The rs2511989 variant is a non-coding SNP found in intron six of SERPING1. The rs2511989 A allele and the AA genotype occur less frequently in cases than in controls. This skewed distribution, whereby the (moderately) rarer allele occurs significantly more frequently in controls than in cases, suggests that it exerts some protective effect against macular degeneration—thus, the more commonly encountered G allele represents the risk allele for age-related macular degeneration at this locus.

In the UK patient samples only, we used the AREDS categorisation and applied the Jonckheere-Terpstra test for trend to examine for effects of carrying zero, one, or two alleles at the rs2511989 locus and observed no significant trend across the AREDS grades. However, our sample size was adequate only to detect quite large effects, and was not powered to detect more modest but nevertheless potentially important effects.

To replicate this finding, the rs2511989 SNP was genotyped in an independent US sample of patients with age-related macular degeneration and controls who were recruited from the University of Iowa, using the TaqMan method. We observed a very similar profile of allelic and genotypic counts at the rs2511989 SNP within this distinct sample (table 3). The level of significance was strongest in the UK sample for the allelic comparison (table 3). However, despite smaller numbers in the US sample, results were very similar to those for the UK sample after correction. The observed odds ratios for the AA genotype were very similar between studies, with a slightly narrower confidence interval in the UK samples than in the US samples due to greater sample size (table 3).

We observed no evidence of heterogeneity in the distribution of rs2511989 genotypes between the UK and US samples, with both showing the same trend of an excess of the rarer AA genotype within the control group (table 3).
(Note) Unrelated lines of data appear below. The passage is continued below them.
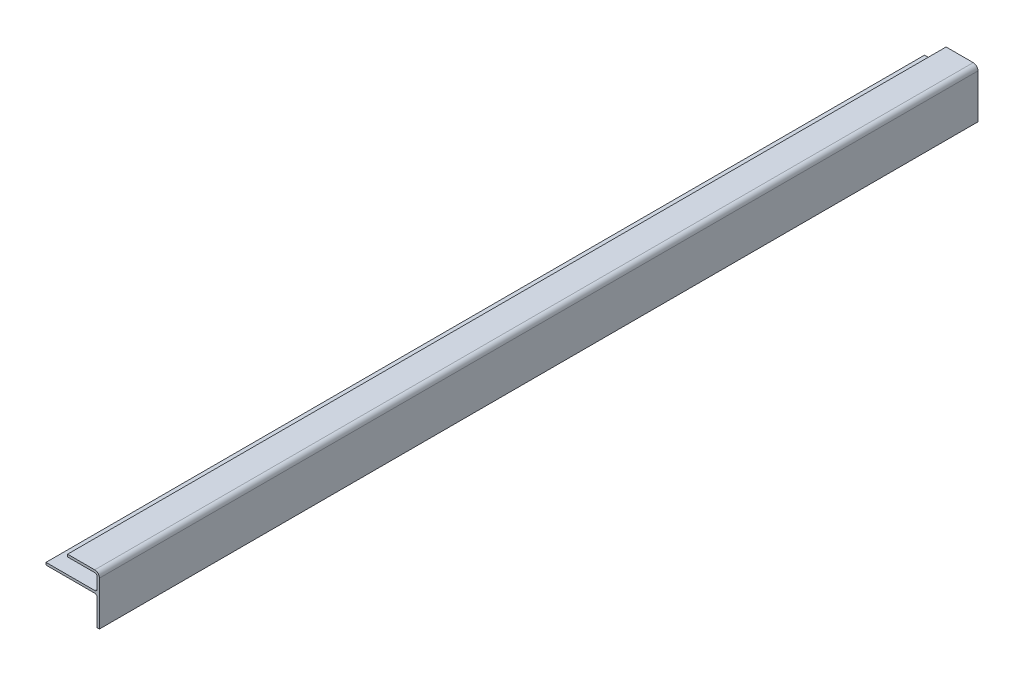
ISO-10303-21;
HEADER;
FILE_DESCRIPTION(('STEP AP214'),'2;1');
FILE_NAME('part.step','',(''),(''),'','','');
FILE_SCHEMA(('AUTOMOTIVE_DESIGN { 1 0 10303 214 1 1 1 1 }'));
ENDSEC;
DATA;
#1=APPLICATION_CONTEXT('core data for automotive mechanical design processes');
#2=APPLICATION_PROTOCOL_DEFINITION('international standard','automotive_design',2000,#1);
#3=PRODUCT_CONTEXT('',#1,'mechanical');
#4=PRODUCT('Part','Part','',(#3));
#5=PRODUCT_RELATED_PRODUCT_CATEGORY('part','',(#4));
#6=PRODUCT_DEFINITION_FORMATION('','',#4);
#7=PRODUCT_DEFINITION_CONTEXT('part definition',#1,'design');
#8=PRODUCT_DEFINITION('design','',#6,#7);
#9=PRODUCT_DEFINITION_SHAPE('','',#8);
#10=(LENGTH_UNIT() NAMED_UNIT(*) SI_UNIT(.MILLI.,.METRE.));
#11=(NAMED_UNIT(*) PLANE_ANGLE_UNIT() SI_UNIT($,.RADIAN.));
#12=(NAMED_UNIT(*) SI_UNIT($,.STERADIAN.) SOLID_ANGLE_UNIT());
#13=UNCERTAINTY_MEASURE_WITH_UNIT(LENGTH_MEASURE(1.E-05),#10,'distance_accuracy_value','');
#14=(GEOMETRIC_REPRESENTATION_CONTEXT(3) GLOBAL_UNCERTAINTY_ASSIGNED_CONTEXT((#13)) GLOBAL_UNIT_ASSIGNED_CONTEXT((#10,
#11,#12)) REPRESENTATION_CONTEXT('',''));
#15=CARTESIAN_POINT('',(0.,0.,0.));
#16=DIRECTION('',(0.,0.,1.));
#17=DIRECTION('',(1.,0.,0.));
#18=AXIS2_PLACEMENT_3D('',#15,#16,#17);
#19=CARTESIAN_POINT('',(1217.6125,36.5125,292.1));
#20=DIRECTION('',(0.,0.,-1.));
#21=DIRECTION('',(-1.,0.,0.));
#22=AXIS2_PLACEMENT_3D('',#19,#20,#21);
#23=CYLINDRICAL_SURFACE('',#22,1.58749999999993);
#24=CARTESIAN_POINT('',(1217.6125,36.5125,-292.1));
#25=DIRECTION('',(0.,0.,-1.));
#26=DIRECTION('',(1.,0.,0.));
#27=AXIS2_PLACEMENT_3D('',#24,#25,#26);
#28=CIRCLE('',#27,1.58749999999993);
#29=CARTESIAN_POINT('',(1217.6125,38.1,-292.1));
#30=VERTEX_POINT('',#29);
#31=CARTESIAN_POINT('',(1219.2,36.5125,-292.1));
#32=VERTEX_POINT('',#31);
#33=EDGE_CURVE('E163',#30,#32,#28,.T.);
#34=ORIENTED_EDGE('',*,*,#33,.T.);
#35=DIRECTION('',(0.,0.,-1.));
#36=VECTOR('',#35,1.);
#37=CARTESIAN_POINT('',(1219.2,36.5125,292.1));
#38=LINE('',#37,#36);
#39=CARTESIAN_POINT('',(1219.2,36.5125,292.1));
#40=VERTEX_POINT('',#39);
#41=EDGE_CURVE('E11',#40,#32,#38,.T.);
#42=ORIENTED_EDGE('',*,*,#41,.F.);
#43=CARTESIAN_POINT('',(1217.6125,36.5125,292.1));
#44=DIRECTION('',(0.,0.,-1.));
#45=DIRECTION('',(1.,0.,0.));
#46=AXIS2_PLACEMENT_3D('',#43,#44,#45);
#47=CIRCLE('',#46,1.58749999999993);
#48=CARTESIAN_POINT('',(1217.6125,38.1,292.1));
#49=VERTEX_POINT('',#48);
#50=EDGE_CURVE('E189',#49,#40,#47,.T.);
#51=ORIENTED_EDGE('',*,*,#50,.F.);
#52=DIRECTION('',(0.,0.,-1.));
#53=VECTOR('',#52,1.);
#54=CARTESIAN_POINT('',(1217.6125,38.1,292.1));
#55=LINE('',#54,#53);
#56=EDGE_CURVE('E159',#49,#30,#55,.T.);
#57=ORIENTED_EDGE('',*,*,#56,.T.);
#58=EDGE_LOOP('',(#34,#42,#51,#57));
#59=FACE_BOUND('',#58,.T.);
#60=ADVANCED_FACE('F31',(#59),#23,.F.);
#61=CARTESIAN_POINT('',(1219.2,19.05,292.1));
#62=DIRECTION('',(1.,0.,0.));
#63=DIRECTION('',(0.,0.,-1.));
#64=AXIS2_PLACEMENT_3D('',#61,#62,#63);
#65=PLANE('',#64);
#66=DIRECTION('',(0.,-1.,0.));
#67=VECTOR('',#66,1.);
#68=CARTESIAN_POINT('',(1219.2,19.05,-292.1));
#69=LINE('',#68,#67);
#70=CARTESIAN_POINT('',(1219.2,19.05,-292.1));
#71=VERTEX_POINT('',#70);
#72=EDGE_CURVE('E166',#32,#71,#69,.T.);
#73=ORIENTED_EDGE('',*,*,#72,.T.);
#74=DIRECTION('',(0.,0.,-1.));
#75=VECTOR('',#74,1.);
#76=CARTESIAN_POINT('',(1219.2,19.05,292.1));
#77=LINE('',#76,#75);
#78=CARTESIAN_POINT('',(1219.2,19.05,292.1));
#79=VERTEX_POINT('',#78);
#80=EDGE_CURVE('E39',#79,#71,#77,.T.);
#81=ORIENTED_EDGE('',*,*,#80,.F.);
#82=DIRECTION('',(0.,-1.,0.));
#83=VECTOR('',#82,1.);
#84=CARTESIAN_POINT('',(1219.2,19.05,292.1));
#85=LINE('',#84,#83);
#86=EDGE_CURVE('E108',#40,#79,#85,.T.);
#87=ORIENTED_EDGE('',*,*,#86,.F.);
#88=ORIENTED_EDGE('',*,*,#41,.T.);
#89=EDGE_LOOP('',(#73,#81,#87,#88));
#90=FACE_BOUND('',#89,.T.);
#91=ADVANCED_FACE('F277',(#90),#65,.F.);
#92=CARTESIAN_POINT('',(1219.2,19.05,292.1));
#93=DIRECTION('',(0.,1.,0.));
#94=DIRECTION('',(0.,0.,1.));
#95=AXIS2_PLACEMENT_3D('',#92,#93,#94);
#96=PLANE('',#95);
#97=DIRECTION('',(1.,0.,0.));
#98=VECTOR('',#97,1.);
#99=CARTESIAN_POINT('',(1219.2,19.05,-292.1));
#100=LINE('',#99,#98);
#101=CARTESIAN_POINT('',(1220.7875,19.05,-292.1));
#102=VERTEX_POINT('',#101);
#103=EDGE_CURVE('E168',#71,#102,#100,.T.);
#104=ORIENTED_EDGE('',*,*,#103,.T.);
#105=DIRECTION('',(0.,0.,-1.));
#106=VECTOR('',#105,1.);
#107=CARTESIAN_POINT('',(1220.7875,19.05,292.1));
#108=LINE('',#107,#106);
#109=CARTESIAN_POINT('',(1220.7875,19.05,292.1));
#110=VERTEX_POINT('',#109);
#111=EDGE_CURVE('E214',#110,#102,#108,.T.);
#112=ORIENTED_EDGE('',*,*,#111,.F.);
#113=DIRECTION('',(1.,0.,0.));
#114=VECTOR('',#113,1.);
#115=CARTESIAN_POINT('',(1219.2,19.05,292.1));
#116=LINE('',#115,#114);
#117=EDGE_CURVE('E222',#79,#110,#116,.T.);
#118=ORIENTED_EDGE('',*,*,#117,.F.);
#119=ORIENTED_EDGE('',*,*,#80,.T.);
#120=EDGE_LOOP('',(#104,#112,#118,#119));
#121=FACE_BOUND('',#120,.T.);
#122=ADVANCED_FACE('F220',(#121),#96,.F.);
#123=CARTESIAN_POINT('',(1220.7875,48.387,292.1));
#124=DIRECTION('',(-1.,0.,0.));
#125=DIRECTION('',(0.,0.,1.));
#126=AXIS2_PLACEMENT_3D('',#123,#124,#125);
#127=PLANE('',#126);
#128=DIRECTION('',(0.,1.,0.));
#129=VECTOR('',#128,1.);
#130=CARTESIAN_POINT('',(1220.7875,48.387,-292.1));
#131=LINE('',#130,#129);
#132=CARTESIAN_POINT('',(1220.7875,48.387,-292.1));
#133=VERTEX_POINT('',#132);
#134=EDGE_CURVE('E170',#102,#133,#131,.T.);
#135=ORIENTED_EDGE('',*,*,#134,.T.);
#136=DIRECTION('',(0.,0.,-1.));
#137=VECTOR('',#136,1.);
#138=CARTESIAN_POINT('',(1220.7875,48.387,292.1));
#139=LINE('',#138,#137);
#140=CARTESIAN_POINT('',(1220.7875,48.387,292.1));
#141=VERTEX_POINT('',#140);
#142=EDGE_CURVE('E211',#141,#133,#139,.T.);
#143=ORIENTED_EDGE('',*,*,#142,.F.);
#144=DIRECTION('',(0.,1.,0.));
#145=VECTOR('',#144,1.);
#146=CARTESIAN_POINT('',(1220.7875,48.387,292.1));
#147=LINE('',#146,#145);
#148=EDGE_CURVE('E240',#110,#141,#147,.T.);
#149=ORIENTED_EDGE('',*,*,#148,.F.);
#150=ORIENTED_EDGE('',*,*,#111,.T.);
#151=EDGE_LOOP('',(#135,#143,#149,#150));
#152=FACE_BOUND('',#151,.T.);
#153=ADVANCED_FACE('F231',(#152),#127,.F.);
#154=CARTESIAN_POINT('',(1217.6125,48.387,292.1));
#155=DIRECTION('',(0.,0.,-1.));
#156=DIRECTION('',(-1.,0.,0.));
#157=AXIS2_PLACEMENT_3D('',#154,#155,#156);
#158=CYLINDRICAL_SURFACE('',#157,3.17499999999997);
#159=CARTESIAN_POINT('',(1217.6125,48.387,-292.1));
#160=DIRECTION('',(0.,0.,1.));
#161=DIRECTION('',(1.,0.,0.));
#162=AXIS2_PLACEMENT_3D('',#159,#160,#161);
#163=CIRCLE('',#162,3.17499999999997);
#164=CARTESIAN_POINT('',(1217.6125,51.562,-292.1));
#165=VERTEX_POINT('',#164);
#166=EDGE_CURVE('E172',#133,#165,#163,.T.);
#167=ORIENTED_EDGE('',*,*,#166,.T.);
#168=DIRECTION('',(0.,0.,-1.));
#169=VECTOR('',#168,1.);
#170=CARTESIAN_POINT('',(1217.6125,51.562,292.1));
#171=LINE('',#170,#169);
#172=CARTESIAN_POINT('',(1217.6125,51.562,292.1));
#173=VERTEX_POINT('',#172);
#174=EDGE_CURVE('E208',#173,#165,#171,.T.);
#175=ORIENTED_EDGE('',*,*,#174,.F.);
#176=CARTESIAN_POINT('',(1217.6125,48.387,292.1));
#177=DIRECTION('',(0.,0.,1.));
#178=DIRECTION('',(1.,0.,0.));
#179=AXIS2_PLACEMENT_3D('',#176,#177,#178);
#180=CIRCLE('',#179,3.17499999999997);
#181=EDGE_CURVE('E237',#141,#173,#180,.T.);
#182=ORIENTED_EDGE('',*,*,#181,.F.);
#183=ORIENTED_EDGE('',*,*,#142,.T.);
#184=EDGE_LOOP('',(#167,#175,#182,#183));
#185=FACE_BOUND('',#184,.T.);
#186=ADVANCED_FACE('F235',(#185),#158,.T.);
#187=CARTESIAN_POINT('',(1217.6125,51.562,292.1));
#188=DIRECTION('',(0.,-1.,0.));
#189=DIRECTION('',(1.,0.,0.));
#190=AXIS2_PLACEMENT_3D('',#187,#188,#189);
#191=PLANE('',#190);
#192=DIRECTION('',(-1.,0.,0.));
#193=VECTOR('',#192,1.);
#194=CARTESIAN_POINT('',(1217.6125,51.562,-292.1));
#195=LINE('',#194,#193);
#196=CARTESIAN_POINT('',(1199.5785,51.562,-292.1));
#197=VERTEX_POINT('',#196);
#198=EDGE_CURVE('E174',#165,#197,#195,.T.);
#199=ORIENTED_EDGE('',*,*,#198,.T.);
#200=DIRECTION('',(0.,0.,-1.));
#201=VECTOR('',#200,1.);
#202=CARTESIAN_POINT('',(1199.5785,51.562,292.1));
#203=LINE('',#202,#201);
#204=CARTESIAN_POINT('',(1199.5785,51.562,292.1));
#205=VERTEX_POINT('',#204);
#206=EDGE_CURVE('E205',#205,#197,#203,.T.);
#207=ORIENTED_EDGE('',*,*,#206,.F.);
#208=DIRECTION('',(-1.,0.,0.));
#209=VECTOR('',#208,1.);
#210=CARTESIAN_POINT('',(1217.6125,51.562,292.1));
#211=LINE('',#210,#209);
#212=EDGE_CURVE('E239',#173,#205,#211,.T.);
#213=ORIENTED_EDGE('',*,*,#212,.F.);
#214=ORIENTED_EDGE('',*,*,#174,.T.);
#215=EDGE_LOOP('',(#199,#207,#213,#214));
#216=FACE_BOUND('',#215,.T.);
#217=ADVANCED_FACE('F290',(#216),#191,.F.);
#218=CARTESIAN_POINT('',(1199.5785,51.562,292.1));
#219=DIRECTION('',(1.,0.,0.));
#220=DIRECTION('',(0.,0.,-1.));
#221=AXIS2_PLACEMENT_3D('',#218,#219,#220);
#222=PLANE('',#221);
#223=DIRECTION('',(0.,-1.,0.));
#224=VECTOR('',#223,1.);
#225=CARTESIAN_POINT('',(1199.5785,51.562,-292.1));
#226=LINE('',#225,#224);
#227=CARTESIAN_POINT('',(1199.5785,49.9745,-292.1));
#228=VERTEX_POINT('',#227);
#229=EDGE_CURVE('E176',#197,#228,#226,.T.);
#230=ORIENTED_EDGE('',*,*,#229,.T.);
#231=DIRECTION('',(0.,0.,-1.));
#232=VECTOR('',#231,1.);
#233=CARTESIAN_POINT('',(1199.5785,49.9745,292.1));
#234=LINE('',#233,#232);
#235=CARTESIAN_POINT('',(1199.5785,49.9745,292.1));
#236=VERTEX_POINT('',#235);
#237=EDGE_CURVE('E202',#236,#228,#234,.T.);
#238=ORIENTED_EDGE('',*,*,#237,.F.);
#239=DIRECTION('',(0.,-1.,0.));
#240=VECTOR('',#239,1.);
#241=CARTESIAN_POINT('',(1199.5785,51.562,292.1));
#242=LINE('',#241,#240);
#243=EDGE_CURVE('E242',#205,#236,#242,.T.);
#244=ORIENTED_EDGE('',*,*,#243,.F.);
#245=ORIENTED_EDGE('',*,*,#206,.T.);
#246=EDGE_LOOP('',(#230,#238,#244,#245));
#247=FACE_BOUND('',#246,.T.);
#248=ADVANCED_FACE('F293',(#247),#222,.F.);
#249=CARTESIAN_POINT('',(1199.5785,49.9745,292.1));
#250=DIRECTION('',(0.,1.,0.));
#251=DIRECTION('',(0.,0.,1.));
#252=AXIS2_PLACEMENT_3D('',#249,#250,#251);
#253=PLANE('',#252);
#254=DIRECTION('',(1.,0.,0.));
#255=VECTOR('',#254,1.);
#256=CARTESIAN_POINT('',(1199.5785,49.9745,-292.1));
#257=LINE('',#256,#255);
#258=CARTESIAN_POINT('',(1217.6125,49.9745,-292.1));
#259=VERTEX_POINT('',#258);
#260=EDGE_CURVE('E178',#228,#259,#257,.T.);
#261=ORIENTED_EDGE('',*,*,#260,.T.);
#262=DIRECTION('',(0.,0.,-1.));
#263=VECTOR('',#262,1.);
#264=CARTESIAN_POINT('',(1217.6125,49.9745,292.1));
#265=LINE('',#264,#263);
#266=CARTESIAN_POINT('',(1217.6125,49.9745,292.1));
#267=VERTEX_POINT('',#266);
#268=EDGE_CURVE('E199',#267,#259,#265,.T.);
#269=ORIENTED_EDGE('',*,*,#268,.F.);
#270=DIRECTION('',(1.,0.,0.));
#271=VECTOR('',#270,1.);
#272=CARTESIAN_POINT('',(1199.5785,49.9745,292.1));
#273=LINE('',#272,#271);
#274=EDGE_CURVE('E248',#236,#267,#273,.T.);
#275=ORIENTED_EDGE('',*,*,#274,.F.);
#276=ORIENTED_EDGE('',*,*,#237,.T.);
#277=EDGE_LOOP('',(#261,#269,#275,#276));
#278=FACE_BOUND('',#277,.T.);
#279=ADVANCED_FACE('F297',(#278),#253,.F.);
#280=CARTESIAN_POINT('',(1217.6125,48.387,292.1));
#281=DIRECTION('',(0.,0.,-1.));
#282=DIRECTION('',(-1.,0.,0.));
#283=AXIS2_PLACEMENT_3D('',#280,#281,#282);
#284=CYLINDRICAL_SURFACE('',#283,1.58749999999993);
#285=CARTESIAN_POINT('',(1217.6125,48.387,-292.1));
#286=DIRECTION('',(0.,0.,-1.));
#287=DIRECTION('',(1.,0.,0.));
#288=AXIS2_PLACEMENT_3D('',#285,#286,#287);
#289=CIRCLE('',#288,1.58749999999993);
#290=CARTESIAN_POINT('',(1219.2,48.387,-292.1));
#291=VERTEX_POINT('',#290);
#292=EDGE_CURVE('E180',#259,#291,#289,.T.);
#293=ORIENTED_EDGE('',*,*,#292,.T.);
#294=DIRECTION('',(0.,0.,-1.));
#295=VECTOR('',#294,1.);
#296=CARTESIAN_POINT('',(1219.2,48.387,292.1));
#297=LINE('',#296,#295);
#298=CARTESIAN_POINT('',(1219.2,48.387,292.1));
#299=VERTEX_POINT('',#298);
#300=EDGE_CURVE('E196',#299,#291,#297,.T.);
#301=ORIENTED_EDGE('',*,*,#300,.F.);
#302=CARTESIAN_POINT('',(1217.6125,48.387,292.1));
#303=DIRECTION('',(0.,0.,-1.));
#304=DIRECTION('',(1.,0.,0.));
#305=AXIS2_PLACEMENT_3D('',#302,#303,#304);
#306=CIRCLE('',#305,1.58749999999993);
#307=EDGE_CURVE('E250',#267,#299,#306,.T.);
#308=ORIENTED_EDGE('',*,*,#307,.F.);
#309=ORIENTED_EDGE('',*,*,#268,.T.);
#310=EDGE_LOOP('',(#293,#301,#308,#309));
#311=FACE_BOUND('',#310,.T.);
#312=ADVANCED_FACE('F301',(#311),#284,.F.);
#313=CARTESIAN_POINT('',(1219.2,48.387,292.1));
#314=DIRECTION('',(1.,0.,0.));
#315=DIRECTION('',(0.,0.,-1.));
#316=AXIS2_PLACEMENT_3D('',#313,#314,#315);
#317=PLANE('',#316);
#318=DIRECTION('',(0.,-1.,0.));
#319=VECTOR('',#318,1.);
#320=CARTESIAN_POINT('',(1219.2,48.387,-292.1));
#321=LINE('',#320,#319);
#322=CARTESIAN_POINT('',(1219.2,41.275,-292.1));
#323=VERTEX_POINT('',#322);
#324=EDGE_CURVE('E182',#291,#323,#321,.T.);
#325=ORIENTED_EDGE('',*,*,#324,.T.);
#326=DIRECTION('',(0.,0.,-1.));
#327=VECTOR('',#326,1.);
#328=CARTESIAN_POINT('',(1219.2,41.275,292.1));
#329=LINE('',#328,#327);
#330=CARTESIAN_POINT('',(1219.2,41.275,292.1));
#331=VERTEX_POINT('',#330);
#332=EDGE_CURVE('E193',#331,#323,#329,.T.);
#333=ORIENTED_EDGE('',*,*,#332,.F.);
#334=DIRECTION('',(0.,-1.,0.));
#335=VECTOR('',#334,1.);
#336=CARTESIAN_POINT('',(1219.2,48.387,292.1));
#337=LINE('',#336,#335);
#338=EDGE_CURVE('E252',#299,#331,#337,.T.);
#339=ORIENTED_EDGE('',*,*,#338,.F.);
#340=ORIENTED_EDGE('',*,*,#300,.T.);
#341=EDGE_LOOP('',(#325,#333,#339,#340));
#342=FACE_BOUND('',#341,.T.);
#343=ADVANCED_FACE('F258',(#342),#317,.F.);
#344=CARTESIAN_POINT('',(1217.6125,41.275,292.1));
#345=DIRECTION('',(0.,0.,-1.));
#346=DIRECTION('',(-1.,0.,0.));
#347=AXIS2_PLACEMENT_3D('',#344,#345,#346);
#348=CYLINDRICAL_SURFACE('',#347,1.58749999999993);
#349=CARTESIAN_POINT('',(1217.6125,41.275,-292.1));
#350=DIRECTION('',(0.,0.,-1.));
#351=DIRECTION('',(1.,0.,0.));
#352=AXIS2_PLACEMENT_3D('',#349,#350,#351);
#353=CIRCLE('',#352,1.58749999999993);
#354=CARTESIAN_POINT('',(1217.6125,39.6875000000001,-292.1));
#355=VERTEX_POINT('',#354);
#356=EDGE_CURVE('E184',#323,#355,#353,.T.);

Combining genotype counts from the two samples yielded a p value for genotypic association of 6·08×10–7 for this variant with age-related macular degeneration (table 3).

Our modest preliminary scan of the SERPING1 gene produced one highly associated SNP (rs2511989) and two non-associated SNPs (rs3758919 and rs4926). Although observation of non-associated SNPs within the immediate genomic vicinity of strongly associated SNPs is not unusual,11 we would expect that other variants within the region should provide supporting evidence for the association. Therefore, we undertook a secondary scan of SERPING1 with all common (minor allele frequency >0·05) tagging SNP variants across the 15 kilobase (kb) gene (n=3) and additional SNP variants both 5´ and 3´ of the gene (n=5). All additional SNPs were non-coding and had no reported functional relevance. DNA from the UK sample (n=958) was dispatched to KBioscience for genotyping with KASPar chemistry as previously described. For quality control purposes, we included the rs2511989 SNP to be re-genotyped alongside eight additional SNPs.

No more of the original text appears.